At a young age (0~30) you can develop positive traits of the people you want to be, it's so simple. Take your 5 best friends and write down why do you like them? There won't be a quality there you can't have yourself. And simirlarly, write down the negative traits and look at yourself. See if you have those traits yourself and get rid of those. It's not complicated because a change of habit is too light to be felt untill it is too heavy to be broken.


----------



## Lurianar (Apr 17, 2013)

Healthy:

*- An upbeat (positive) outlook on life.* --> Disagree. Someone could have a negative outlook on life and still be healthy - it really depend on what society he lived in and how he was educated/lived through. It's more an ideological question here.
*- Generousity.* --> Disagree completely. First of, it's too vague and it doesn't take into account how everyone react to generousity. Some people are way too extremist on their "generosity" scale and that's rather unhealthy.
*- Has a sense of humour.* --> I agree on this one, as long that you accept that this is relative to the person itself.
*- Does more than what is expected, in their own way.* --> Nope. That doesn't make someone healthy, it makes society healthy. Not the same thing.
*- Thinks about the nice things that can be done for you.* --> Not at all. Same as Generousity.

Unhealthy:

*- Takes credit for things they didn't do.* --> Steve Jobs and Bill Gates both did this and yet I see them as highly successful and healthy (maybe more for Bill Gates but still). There's a huge bug in this statement.
*- Is a bit dishonest about things for their own gain without taking other people in consideration.* --> Well I don't consider this healthy/unhealthy at all. I'm starting to wonder if you're basing the healthy/unhealthy comparison on society's vision of what should and what should not be instead of the person's vision.
*- Fill in the blank.

*I understand what you're trying to say. But I disagree with that vision as it is way too general and put words on "healthy/unhealthy" as if everyone should have the same definition. Everybody has a definition of good and bad so why not have one of healthy/unhealthy?


----------



## Dedication (Jun 11, 2013)

Lurianar said:


> I understand what you're trying to say. But I disagree with that vision as it is way too general and put words on "healthy/unhealthy" as if everyone should have the same definition. Everybody has a definition of good and bad so why not have one of healthy/unhealthy?

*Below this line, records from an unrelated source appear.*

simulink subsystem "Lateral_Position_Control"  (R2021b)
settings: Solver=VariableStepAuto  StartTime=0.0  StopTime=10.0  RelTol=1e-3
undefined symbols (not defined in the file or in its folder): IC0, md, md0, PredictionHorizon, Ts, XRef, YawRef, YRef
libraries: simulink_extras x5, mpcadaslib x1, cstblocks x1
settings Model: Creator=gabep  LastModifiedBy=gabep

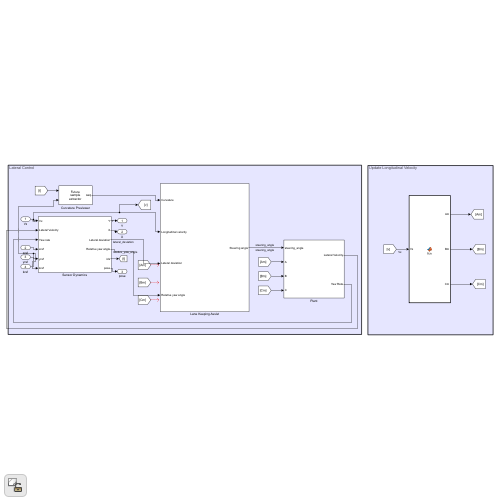
[thumbnail: Simulink's stored preview of the top-level diagram]
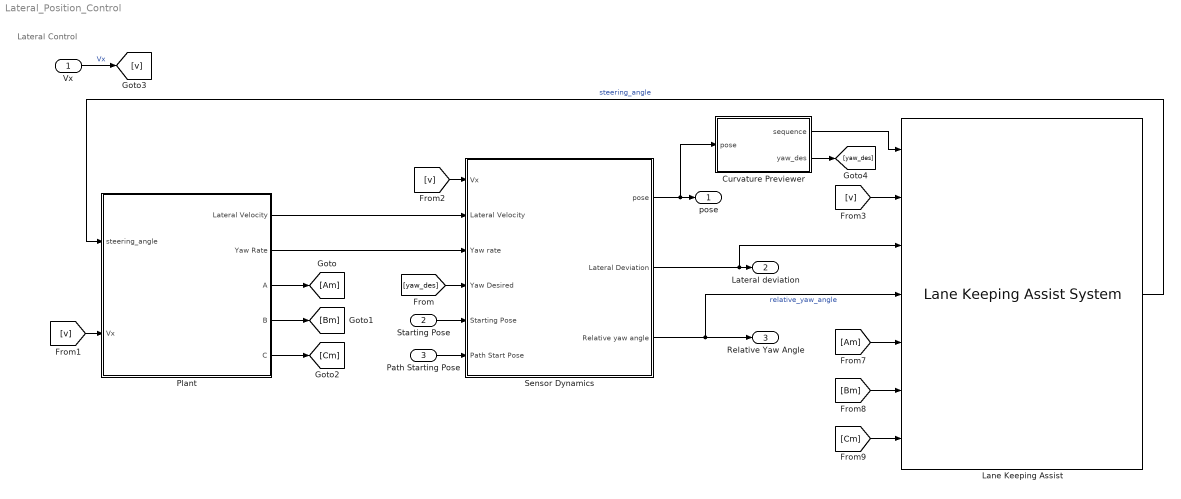
== system Lateral_Position_Control ==
  note: Lateral Control
  Vx : Inport
  Starting Pose : Inport  Port=2
  Path Starting Pose : Inport  Port=3
  Curvature Previewer : Subsystem  mask{signal=md, ts=Ts, steps=PredictionHorizon}
      mask prompts: signal "Signal name"; ts "Sampling time"; steps "Number of previewing steps"
      mask init:
      | ts = evalin('base',get_param(gcbh,'ts'));
      | signal = evalin('base',get_param(gcbh,'signal'));
      | steps = evalin('base',get_param(gcbh,'steps'));
      | data = mpc_previewer_maskinit(signal,ts);
      mask Display:
      | fprintf('Future\nsample\nextractor');
      | port_label('output', 1, 'seq')
      | %port_label('output', 2, '@t')
  Lane Keeping Assist : mpcadaslib/Lane Keeping Assist System  ModelType=Use vehicle model  VehicleMass=9053  VehicleYawInertia=52161  LengthToFront=2.7  LengthToRear=4.02  FrontTireStiffness=15000  RearTireStiffness=121000  EgoModelMatrixA=A  EgoModelMatrixB=B  EgoModelMatrixC=C  InitialLongVel=Vx0  TransportLag=0  MinSteering=u_min  umin_ext=off  MaxSteering=u_max  umax_ext=off  Ts=Ts  PredictionHorizon=PredictionHorizon  ControllerBehavior=0.500  suboptimal=off  maxiter=10  datatypeopt=double  optmode=off  trackmode=off
      settings: SourceProductBaseCode=MP
  Plant : Subsystem
  Sensor Dynamics : Subsystem
  pose : Outport
  Lateral deviation : Outport  Port=2
  Relative Yaw Angle : Outport  Port=3
  wires:
  Plant/2(Yaw Rate) -> Sensor Dynamics/3(Yaw rate)
  Plant/1(Lateral Velocity) -> Sensor Dynamics/2(Lateral Velocity)
  [Am] -> Lane Keeping Assist/5
  [Bm] -> Lane Keeping Assist/6
  [Cm] -> Lane Keeping Assist/7
  Sensor Dynamics/3(Relative yaw angle) -> Relative Yaw Angle/1, Lane Keeping Assist/4  "relative_yaw_angle"
  Lane Keeping Assist/1 -> Plant/1(steering_angle)  "steering_angle"
  Plant/3(A) -> [Am]
  Plant/5(C) -> [Cm]
  Plant/4(B) -> [Bm]
  Starting Pose/1 -> Sensor Dynamics/5(Starting Pose)
  Curvature Previewer/1(sequence) -> Lane Keeping Assist/1
  Path Starting Pose/1 -> Sensor Dynamics/6(Path Start Pose)
  Sensor Dynamics/1(pose) -> Curvature Previewer/1(pose), pose/1
  Vx/1 -> [v]  "Vx"
  [v] -> Sensor Dynamics/1(Vx)
  [v] -> Lane Keeping Assist/2
  [v] -> Plant/2(Vx)
  Curvature Previewer/2(yaw_des) -> [yaw_des]
  [yaw_des] -> Sensor Dynamics/4(Yaw Desired)
  Sensor Dynamics/2(Lateral Deviation) -> Lateral deviation/1, Lane Keeping Assist/3

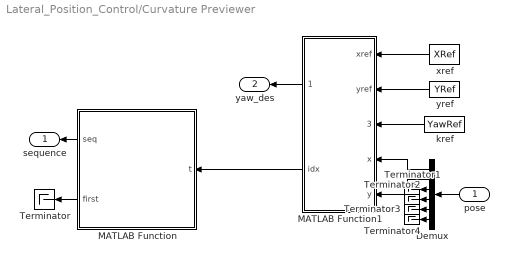
== system Lateral_Position_Control/Curvature Previewer ==
  pose : Inport
  Demux : Demux  Outputs=6
  MATLAB Function : MATLAB Function  TreatAsAtomicUnit=on
  MATLAB Function1 : MATLAB Function  TreatAsAtomicUnit=on
  Terminator{,1..4} (5 alike) : Terminator
  kref : Constant  Value=YawRef
  xref : Constant  Value=XRef
  yref : Constant  Value=YRef
  sequence : Outport  VectorParamsAs1DForOutWhenUnconnected=off
  yaw_des : Outport  Port=2
  wires:
  MATLAB Function1/1(yaw_des) -> yaw_des/1
  Demux/6 -> Terminator4/1
  Demux/5 -> Terminator3/1
  Demux/4 -> Terminator2/1
  Demux/3 -> Terminator1/1
  Demux/2 -> MATLAB Function1/5(y)
  Demux/1 -> MATLAB Function1/4(x)
  pose/1 -> Demux/1
  kref/1 -> MATLAB Function1/3(yawref)
  yref/1 -> MATLAB Function1/2(yref)
  xref/1 -> MATLAB Function1/1(xref)
  MATLAB Function1/2(idx) -> MATLAB Function/1(t)
  MATLAB Function/2(first) -> Terminator/1
  MATLAB Function/1(seq) -> sequence/1

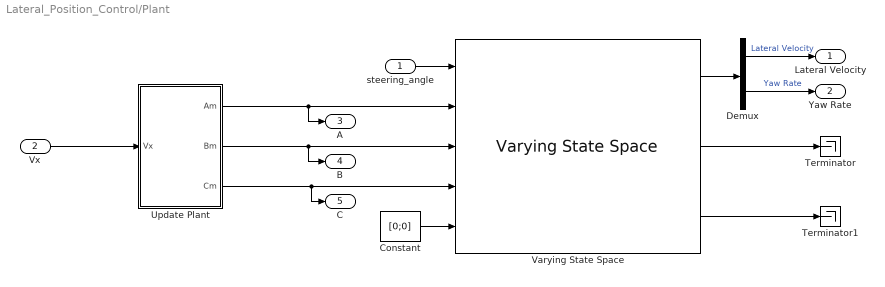
== system Lateral_Position_Control/Plant ==
  steering_angle : Inport
  Vx : Inport  Port=2
  Constant : Constant  Value=[0;0]
  Demux : Demux  Outputs=2
  Terminator : Terminator
  Terminator1 : Terminator
  Update Plant : MATLAB Function  TreatAsAtomicUnit=on
  Varying State Space : cstblocks/Linear Parameter Varying/Varying State Space  x0=0  xNames=''  OutputX=on  OutputDX=on
  Lateral Velocity : Outport
  Yaw Rate : Outport  Port=2
  A : Outport  Port=3
  B : Outport  Port=4
  C : Outport  Port=5
  wires:
  Vx/1 -> Update Plant/1(Vx)
  Update Plant/3(Cm) -> Varying State Space/4, C/1
  Update Plant/1(Am) -> Varying State Space/2, A/1
  Update Plant/2(Bm) -> Varying State Space/3, B/1
  Demux/2 -> Yaw Rate/1  "Yaw Rate"
  Varying State Space/1 -> Demux/1
  Varying State Space/2 -> Terminator/1
  Demux/1 -> Lateral Velocity/1  "Lateral Velocity"
  Varying State Space/3 -> Terminator1/1
  Constant/1 -> Varying State Space/5
  steering_angle/1 -> Varying State Space/1

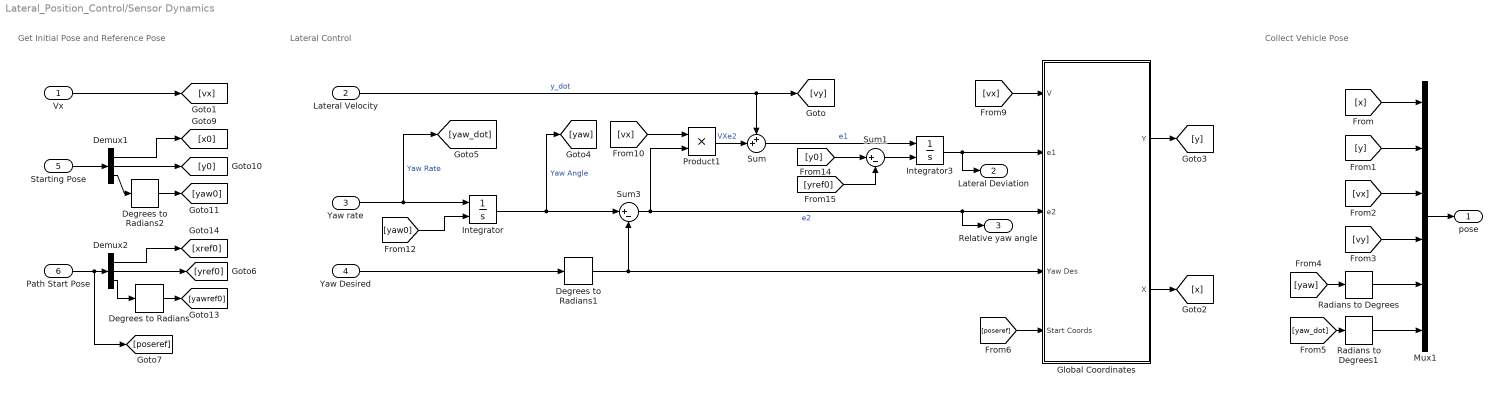
== system Lateral_Position_Control/Sensor Dynamics ==
  note: Get Initial Pose and Reference Pose
  note: Lateral Control
  note: Collect Vehicle Pose
  Vx : Inport
  Lateral Velocity : Inport  Port=2
  Yaw rate : Inport  Port=3
  Yaw Desired : Inport  Port=4
  Starting Pose : Inport  Port=5
  Path Start Pose : Inport  Port=6
  " Global Coordinates" : Subsystem
  Degrees to Radians : simulink_extras/Transformations/Degrees to Radians
  Degrees to Radians1 : simulink_extras/Transformations/Degrees to Radians
  Degrees to Radians2 : simulink_extras/Transformations/Degrees to Radians
  Demux1 : Demux  Outputs=3
  Demux2 : Demux  Outputs=3
  Integrator : Integrator  InitialConditionSource=external  InitialCondition=IC0.yaw_angle0
  Integrator3 : Integrator  InitialConditionSource=external  InitialCondition=IC0.y0 - md0.y(130)
  Mux1 : Mux  Inputs=6
  Product1 : Product
  Radians to Degrees : simulink_extras/Transformations/Radians to Degrees
  Radians to Degrees1 : simulink_extras/Transformations/Radians to Degrees
  Sum : Sum  Inputs=++|
  Sum1 : Sum  Inputs=|+-
  Sum3 : Sum  Inputs=|+-
  pose : Outport
  Lateral Deviation : Outport  Port=2
  Relative yaw angle : Outport  Port=3  VectorParamsAs1DForOutWhenUnconnected=off
  wires:
  Degrees to Radians1/1 -> " Global Coordinates"/4(Yaw Des), Sum3/2
  Yaw Desired/1 -> Degrees to Radians1/1
  Path Start Pose/1 -> Demux2/1, [poseref]
  Degrees to Radians2/1 -> [yaw0]
  Radians to Degrees/1 -> Mux1/5
  [vx] -> " Global Coordinates"/1(V)
  Degrees to Radians/1 -> [yawref0]
  [poseref] -> " Global Coordinates"/5(Start Coords)
  Demux2/2 -> [yref0]
  Demux2/1 -> [xref0]
  Sum1/1 -> Integrator3/2
  Sum/1 -> Integrator3/1  "e1"
  [yref0] -> Sum1/2
  [y0] -> Sum1/1
  [yaw0] -> Integrator/2
  [vx] -> Product1/1
  Vx/1 -> [vx]
  Demux2/3 -> Degrees to Radians/1
  Demux1/2 -> [y0]
  Demux1/3 -> Degrees to Radians2/1
  Demux1/1 -> [x0]
  Starting Pose/1 -> Demux1/1
  [yaw] -> Radians to Degrees/1
  [yaw_dot] -> Radians to Degrees1/1
  [vy] -> Mux1/4
  Mux1/1 -> pose/1
  [x] -> Mux1/1
  Radians to Degrees1/1 -> Mux1/6
  [vx] -> Mux1/3
  [y] -> Mux1/2
  Integrator3/1 -> " Global Coordinates"/2(e1), Lateral Deviation/1
  Sum3/1 -> " Global Coordinates"/3(e2), Relative yaw angle/1, Product1/2  "e2"
  " Global Coordinates"/2(X) -> [x]
  " Global Coordinates"/1(Y) -> [y]
  Product1/1 -> Sum/2  "VXe2"
  Lateral Velocity/1 -> [vy], Sum/1  "y_dot"
  Integrator/1 -> [yaw], Sum3/1  "Yaw Angle"
  Yaw rate/1 -> Integrator/1, [yaw_dot]  "Yaw Rate"

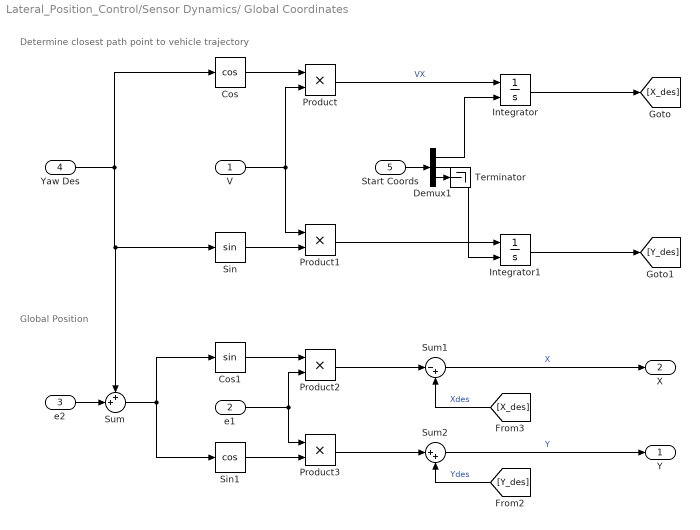
== system Lateral_Position_Control/Sensor Dynamics/ Global Coordinates ==
  note: Global Position
  note: Determine closest path point to vehicle trajectory
  V : Inport
  e1 : Inport  Port=2
  e2 : Inport  Port=3
  Yaw Des : Inport  Port=4
  Start Coords : Inport  Port=5
  Cos : Trigonometry  Operator=cos
  Cos1 : Trigonometry
  Demux1 : Demux  Outputs=3
  Integrator : Integrator  InitialConditionSource=external  InitialCondition=md0.x(130)
  Integrator1 : Integrator  InitialConditionSource=external  InitialCondition=md0.y(130)
  Product{,1..3} (4 alike) : Product
  Sin : Trigonometry
  Sin1 : Trigonometry  Operator=cos
  Sum : Sum  Inputs=++|
  Sum1 : Sum  Inputs=|-+
  Sum2 : Sum  Inputs=|++
  Terminator : Terminator
  Y : Outport
  X : Outport  Port=2
  wires:
  [X_des] -> Sum1/2  "Xdes"
  Sum1/1 -> X/1  "X"
  Sum2/1 -> Y/1  "Y"
  [Y_des] -> Sum2/2  "Ydes"
  Cos/1 -> Product/1
  Product1/1 -> Integrator1/1
  Yaw Des/1 -> Sin/1, Sum/1, Cos/1
  Product/1 -> Integrator/1  "VX"
  Demux1/3 -> Terminator/1
  Demux1/2 -> Integrator1/2
  Demux1/1 -> Integrator/2
  Start Coords/1 -> Demux1/1
  Integrator1/1 -> [Y_des]
  Integrator/1 -> [X_des]
  V/1 -> Product1/1, Product/2
  Sin/1 -> Product1/2
  Product3/1 -> Sum2/1
  Product2/1 -> Sum1/1
  e1/1 -> Product3/1, Product2/2
  Sum/1 -> Cos1/1, Sin1/1
  Sin1/1 -> Product3/2
  Cos1/1 -> Product2/1
  e2/1 -> Sum/2

== matlab function Lateral_Position_Control/Curvature Previewer/MATLAB Function ==
  settings: updateMethod=DISCRETE  sampleTime=ts
  data: data parameter; seq output; steps parameter; t input; first output
function [seq, first] = fcn(data, steps, t)
[seq,first,~] = mpcblock_preview('md',data,steps,t);

== matlab function Lateral_Position_Control/Curvature Previewer/MATLAB Function1 ==
  data: xref input; yref input; yawref input; x input; y input; yaw_des output; idx output
function [yaw_des, idx] = fcn(xref, yref, yawref, x, y)

d = pdist2([x,y],[xref yref]);
[~, i]= mink(d,1);
idx=i(1);

yaw_des = mean(yawref(i));

== matlab function Lateral_Position_Control/Plant/Update Plant ==
  data: Vx input; Am output; Bm output; Cm output
function [Am, Bm, Cm] = fcn(Vx)
    [Am,Bm,Cm] = truck_trailer_model(Vx);
end

I'm not saying anything, everything comes from Warren Buffet, he talks about it in this video: 




The real reason why not everybody should have their own definition of healthy/unhealthy is because it makes communication impossible. Because we have defined what an INTJ is and what an ESFP is, we should also define what a healhty INTJ looks like and what an unhealthy INTJ looks like. 

Or we could be saying something like 'everybody has their own definition of good and bad, so why not have your own definition of INTJ/ESFP?'. As you can understand, if everybody has their own definition of each word then it would make communication impossible. If you want to keep your own definition, fine, but at least share what your words mean to the rest of the world if you want to be understood at all.


----------



## Lurianar (Apr 17, 2013)

Dedication said:


> I'm not saying anything, everything comes from Warren Buffet, he talks about it in this video:
> 
> 
> 
> ...


You just described what I thought about definitions. They are subjective and shall remain so. Communication isn't impossible in such case, it just expect the two individuals to communicate clearly. I probably don't have the same definition on healthy/unhealthy INTJ as you do (as an example), too, and that's fine. Beside, the world would be boring if everybody had one single point of view and followed it. However, I'd be dumb to forget some key elements of INTJ, as the word itself has been created with the very role of identifying some behaviors and attribute them to someone. So whichever the culture, the country, the continent or the person, an INTJ would pretty much be an INTJ (with a few variations, as we both know that not every INTJs are the same). 

Another way to explain this would be to explain me as an INTP. I am indeed INTP, though I believe I am more outgoing and more emotional than most INTPs, based on the "stereotypes" or the one definition of the stereotyped INTP. How would I fit in the system, then? That's why rules themselves must allow personal definitions and actually bend in a few directions. I am not an INFP, I am not an ENTP. I am an INTP who doesn't follow the stereotypical archetype "definition" (Ti-Ne-Si-Fe and persuaded I am not anything else). So even though I started from the global known definition of it, I still have my own twist to it. As far as I know I haven't mistyped.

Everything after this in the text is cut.